Schools drop Holocaust and Crusades

UK news:
Schools have avoided teaching the Holocaust and the Crusades in history lessons because they are concerned about causing offence to Muslim pupils or challenging "charged" versions of history which children have been taught at home, government research has found.

A report for the Department for Education and Skills found that a history department in a northern city had avoided selecting the Holocaust as a GCSE topic for fear of confronting "anti-semitic sentiment and Holocaust denial" among some Muslim pupils.

Another school decided to teach the Holocaust despite anti-semitic sentiment among students, but avoided the Crusades as "their balanced treatment of the topic would have directly challenged what was taught in some local mosques".
They ought to be teaching that the Crusades saved European civilization.

Monday, April 02, 2007

Bad Kids? Train the Parents

A new study claims that parenting classes work:
Here’s an interesting paper from the British Medical Journal which argues that children’s anti-social behavior can be significantly altered by training their parents to be better parents. (And here is the BMJ’s editorial summary.)

The paper’s authors conducted a randomized study with 153 socially disadvantaged Welsh parents with children aged 3 or 4. Some of the parents were given a 12-week “intervention programme,” in which two professionals taught the parents how to reward, punish, and discipline their children. The control group of parents were wait-listed for this workshop.

The results showed that the children of the parents who took the workshop behaved significantly better afterward, at least in the short term.
These results aren't too surprising, but don't really prove that the classes are teaching anything useful. Maybe just inducing parents to reflect on what they are doing causes them to do better. It would be more interesting if someone did an experiment like this comparing different parenting theories.

Sunday, April 01, 2007

Paranoid parents don't allow bicycles

An LA Times op-ed says:
"Haven't you heard about all of the predators in this area?" asked a father.

"No, I haven't," I said. "I think this is a pretty safe neighborhood."

"You'd be surprised," he replied, lowering his eyebrows. "You should read the Megan's Law website." He continued: "You know how to solve the traffic problem around this school? Get rid of all the predators. Then you won't have any more traffic."
The article describe how kids aren't allowed to ride bicycles anymore.

Don't-mess-with-Texas justice

Texas news:
ARLINGTON, Texas -- Darrell Roberson came home from a card game late one night to find his wife rolling around with another man in a pickup truck in the driveway.

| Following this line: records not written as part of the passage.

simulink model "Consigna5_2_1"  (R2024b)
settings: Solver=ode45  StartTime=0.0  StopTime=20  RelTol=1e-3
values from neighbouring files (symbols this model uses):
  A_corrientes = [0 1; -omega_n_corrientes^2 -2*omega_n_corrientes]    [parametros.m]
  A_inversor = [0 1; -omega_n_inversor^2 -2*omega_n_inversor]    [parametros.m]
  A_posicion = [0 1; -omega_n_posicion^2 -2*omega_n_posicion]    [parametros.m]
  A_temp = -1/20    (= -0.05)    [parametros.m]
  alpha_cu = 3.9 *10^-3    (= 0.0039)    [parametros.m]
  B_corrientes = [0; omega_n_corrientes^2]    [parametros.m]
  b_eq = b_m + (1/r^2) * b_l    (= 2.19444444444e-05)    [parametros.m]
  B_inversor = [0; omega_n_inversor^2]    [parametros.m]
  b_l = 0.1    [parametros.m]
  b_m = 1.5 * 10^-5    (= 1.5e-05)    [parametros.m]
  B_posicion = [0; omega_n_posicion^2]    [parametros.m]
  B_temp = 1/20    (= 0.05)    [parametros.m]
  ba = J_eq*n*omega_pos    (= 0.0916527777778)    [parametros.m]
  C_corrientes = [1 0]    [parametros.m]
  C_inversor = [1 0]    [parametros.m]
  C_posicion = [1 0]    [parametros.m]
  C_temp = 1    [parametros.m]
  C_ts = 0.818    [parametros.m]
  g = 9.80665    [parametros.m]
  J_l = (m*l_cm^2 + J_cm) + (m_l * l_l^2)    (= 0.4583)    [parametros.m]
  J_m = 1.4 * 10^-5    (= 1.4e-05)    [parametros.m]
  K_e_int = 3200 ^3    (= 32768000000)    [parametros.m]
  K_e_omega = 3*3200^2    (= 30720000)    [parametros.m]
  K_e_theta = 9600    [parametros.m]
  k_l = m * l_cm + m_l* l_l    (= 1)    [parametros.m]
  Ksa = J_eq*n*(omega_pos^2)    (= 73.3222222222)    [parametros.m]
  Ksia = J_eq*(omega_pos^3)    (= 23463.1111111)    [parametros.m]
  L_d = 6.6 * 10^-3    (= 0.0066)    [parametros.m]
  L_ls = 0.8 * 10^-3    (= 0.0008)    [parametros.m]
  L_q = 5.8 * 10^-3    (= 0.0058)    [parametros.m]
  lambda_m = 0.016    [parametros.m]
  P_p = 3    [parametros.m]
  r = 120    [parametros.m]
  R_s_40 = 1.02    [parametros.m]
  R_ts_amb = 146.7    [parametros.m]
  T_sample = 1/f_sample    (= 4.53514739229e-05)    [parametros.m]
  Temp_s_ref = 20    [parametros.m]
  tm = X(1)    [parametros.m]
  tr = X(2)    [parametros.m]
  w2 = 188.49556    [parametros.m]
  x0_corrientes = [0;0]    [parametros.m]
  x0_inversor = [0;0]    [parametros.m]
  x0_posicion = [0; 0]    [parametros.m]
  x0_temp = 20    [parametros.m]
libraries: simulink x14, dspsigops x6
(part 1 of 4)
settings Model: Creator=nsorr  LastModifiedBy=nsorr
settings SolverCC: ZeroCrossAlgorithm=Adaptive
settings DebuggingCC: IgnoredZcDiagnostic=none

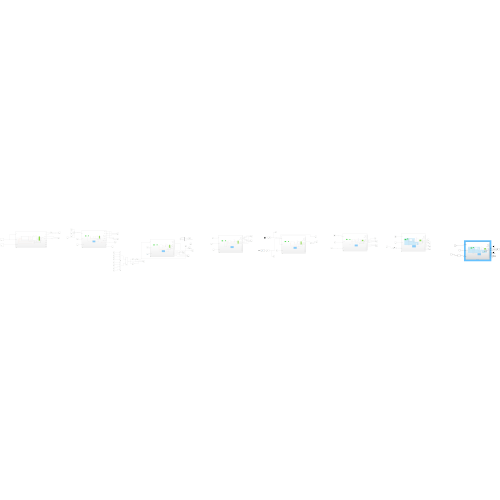
[thumbnail: Simulink's stored preview of the top-level diagram]
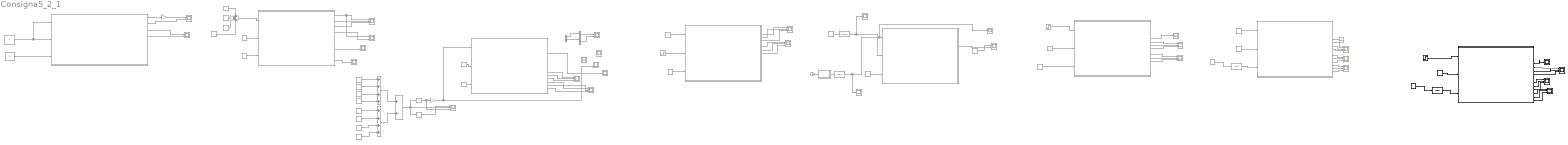
== system Consigna5_2_1 ==
  .5s : Step  Time=.5  After=5  SampleTime=0
  0-5 : simulink/Sources/Ramp  Commented=on  slope=2*pi/5  start=0  InitialOutput=0
  10-15 : simulink/Sources/Ramp  Commented=on  slope=-2*pi/5  start=10  InitialOutput=0
  5-10 : simulink/Sources/Ramp  Commented=on  slope=-2*pi/5  start=5  InitialOutput=0
  Clock : Clock  Commented=on
  Constant{,3,5..6,10,16} (6 alike) : Constant  Commented=on  Value=0
  Constant{1..2,4,7,9,11,13} (7 alike) : Constant  Commented=on  Value=20
  Constant14 : Constant  Value=20
  Constant8 : Constant  Commented=on  Value=115
  Demux2 : Demux  Commented=on  Outputs=2
  Derivative1 : Derivative  Commented=on
  Error de observador2 : Scope  Commented=on  NumInputPorts=2
  Gain : Gain  Commented=on  Gain=1/r
  Gain1 : Gain  Commented=on  Gain=1/r
  Integrator1 : Integrator  Commented=on
  MATLAB Function : MATLAB Function  Commented=on  TreatAsAtomicUnit=on
  Mux10 : Mux  Commented=on  Inputs=2
  Mux8 : Mux  Commented=on  Inputs=2
  Pulse Generator : DiscretePulseGenerator  Commented=on  PulseType=Time based  Amplitude=5  Period=1  PulseWidth=50
  Ramp : simulink/Sources/Ramp  Commented=on  slope=2*pi/5  start=15  InitialOutput=0
  Ramp1 : simulink/Sources/Ramp  Commented=on  slope=3*pi  start=5  InitialOutput=0
  Ramp10 : simulink/Sources/Ramp  Commented=on  slope=w2  start=10+tr+tm  InitialOutput=0
  Ramp11 : simulink/Sources/Ramp  Commented=on  slope=w2  start=10+tr  InitialOutput=0
  Ramp12 : simulink/Sources/Ramp  Commented=on  slope=w2  start=0  InitialOutput=0
  Ramp13 : simulink/Sources/Ramp  Commented=on  slope=-w2  start=10  InitialOutput=0
  Ramp14 : simulink/Sources/Ramp  Commented=on  slope=w2  start=5  InitialOutput=0
  Ramp15 : simulink/Sources/Ramp  Commented=on  slope=-w2  start=tr  InitialOutput=0
  Ramp16 : simulink/Sources/Ramp  Commented=on  slope=-w2  start=tr+tm  InitialOutput=0
  Ramp2 : simulink/Sources/Ramp  slope=3*pi  start=5  InitialOutput=0
  Ramp9 : simulink/Sources/Ramp  Commented=on  slope=-w2  start=15  InitialOutput=0
  Scope{,1,3..4,12} (5 alike) : Scope  Commented=on  NumInputPorts=2
  Scope{5,9..11,14,16} (6 alike) : Scope  Commented=on
  Scope{2,6..8,13,15} (6 alike) : Scope  Commented=on  NumInputPorts=3
  Scope17 : Scope  NumInputPorts=3
  Scope18 : Scope
  Step : Step  Commented=on  Time=7.5  After=5  SampleTime=0
  Step4 : Step  Commented=on  Time=7.5  After=5  SampleTime=0
  Subsystem : Subsystem  Commented=on
  Subsystem1 : Subsystem  Commented=on
  Subsystem2 : Subsystem  Commented=on
  Subsystem3 : Subsystem  Commented=on
  Subsystem4 : Subsystem  Commented=on
  Subsystem5 : Subsystem  Commented=on
  Subsystem6 : Subsystem  Commented=on
  Subsystem7 : Subsystem
  Sum : Sum  Commented=on  Inputs=++++
  Sum1 : Sum  Commented=on  Inputs=++++
  Sum2 : Sum  Commented=on  Inputs=++++
  Sum3 : Sum  Commented=on
  Transfer Fcn1 : TransferFcn  Numerator=[10]  Denominator=[1 10]
  Transfer Fcn3 : TransferFcn  Commented=on  Numerator=[100]  Denominator=[1 100]
  Transfer Fcn4 : TransferFcn  Commented=on  Numerator=[10]  Denominator=[1 10]
  Transfer Fcn8 : TransferFcn  Commented=on  Numerator=[20]  Denominator=[1 20]
  corrientes{1..4,6} (5 alike) : Scope  Commented=on  NumInputPorts=3
  corrientes5 : Scope  NumInputPorts=3
  corrientes7 : Scope  NumInputPorts=3
  posicion del brazo5 : Scope  Commented=on  NumInputPorts=2
  temp1 : Scope  Commented=on
  temp5 : Scope  Commented=on
  torque5 : Scope  Commented=on
  wires:
  Constant/1 -> Subsystem/2(T_per), Subsystem/1(Tm*)
  Constant1/1 -> Subsystem/3(T°_amb)
  Subsystem/1(T_l) -> Gain/1
  Gain/1 -> Scope/1  "T_l"
  Subsystem/2(T_m) -> Scope/2  "T_m"
  Subsystem/3(theta_m) -> Scope1/1  "theta_m"
  Subsystem/4(omega_m) -> Scope1/2  "omega_m"
  Constant2/1 -> Subsystem1/3(T°_amb)
  10-15/1 -> Sum/3
  Sum/1 -> Subsystem1/1(q1*)  "Consigna Articulación"
  Constant3/1 -> Subsystem1/2(T_per)
  0-5/1 -> Sum/1
  5-10/1 -> Sum/2
  Ramp/1 -> Sum/4
  Subsystem1/2(theta_m) -> Scope2/2  "theta_m"
  Subsystem1/7(T_m) -> Scope4/2  "Tm"
  Subsystem1/9(T_s) -> Scope5/1
  Subsystem1/4(omega_m*) -> Scope3/2  "omega_m*"
  Subsystem1/1(theta_m*) -> Scope3/1, Scope2/1  "theta_m*"
  Subsystem1/3(theta_m_obs) -> Scope2/3
  Constant4/1 -> Subsystem2/3(T°_amb)
  Constant5/1 -> Subsystem2/2(T_per)
  Ramp10/1 -> Sum1/2
  Ramp9/1 -> Sum1/1
  Ramp11/1 -> Sum1/3
  Ramp13/1 -> Sum1/4
  Ramp14/1 -> Sum2/1
  Ramp16/1 -> Sum2/2
  Ramp15/1 -> Sum2/3
  Ramp12/1 -> Sum2/4
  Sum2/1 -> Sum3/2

Caught in the act with her lover, Tracy Denise Roberson -- thinking quickly, if not clearly -- cried rape, authorities say. Her husband pulled a gun and killed the other man with a shot to the head.

On Thursday, a grand jury handed up a manslaughter indictment against the wife, not the husband.

In a case likely to reinforce the state's reputation for don't-mess-with-Texas justice, the grand jury declined to charge the husband with murder, the charge on which he was arrested by police.
Wow, a woman might actually suffer an adverse consequence to making a false rape charge. Besides her lover getting shot, that is.

Boy caught using slang in email

UK news:
A father criticised a police force today for launching an investigation after his ten-year-old son allegedly called a schoolfriend "gay" in an email.

Company director Alan Rawlinson said he was astounded after two police officers arrived at his home in Bold Heath, Cheshire, to speak to his son George.

The officers were called earlier this month after a parent complained that George had called her son a "gay boy" in an email.

Mr Rawlinson, 41, said: "I could not believe what I was hearing when the officers told me.

"They told me they considered it a very serious offence, I thought they were joking at first. ...

"The use of the word gay would imply this is homophobic but we would be hard-pushed to say this is a homophobic crime."
I thought that "gay" was a preferred term.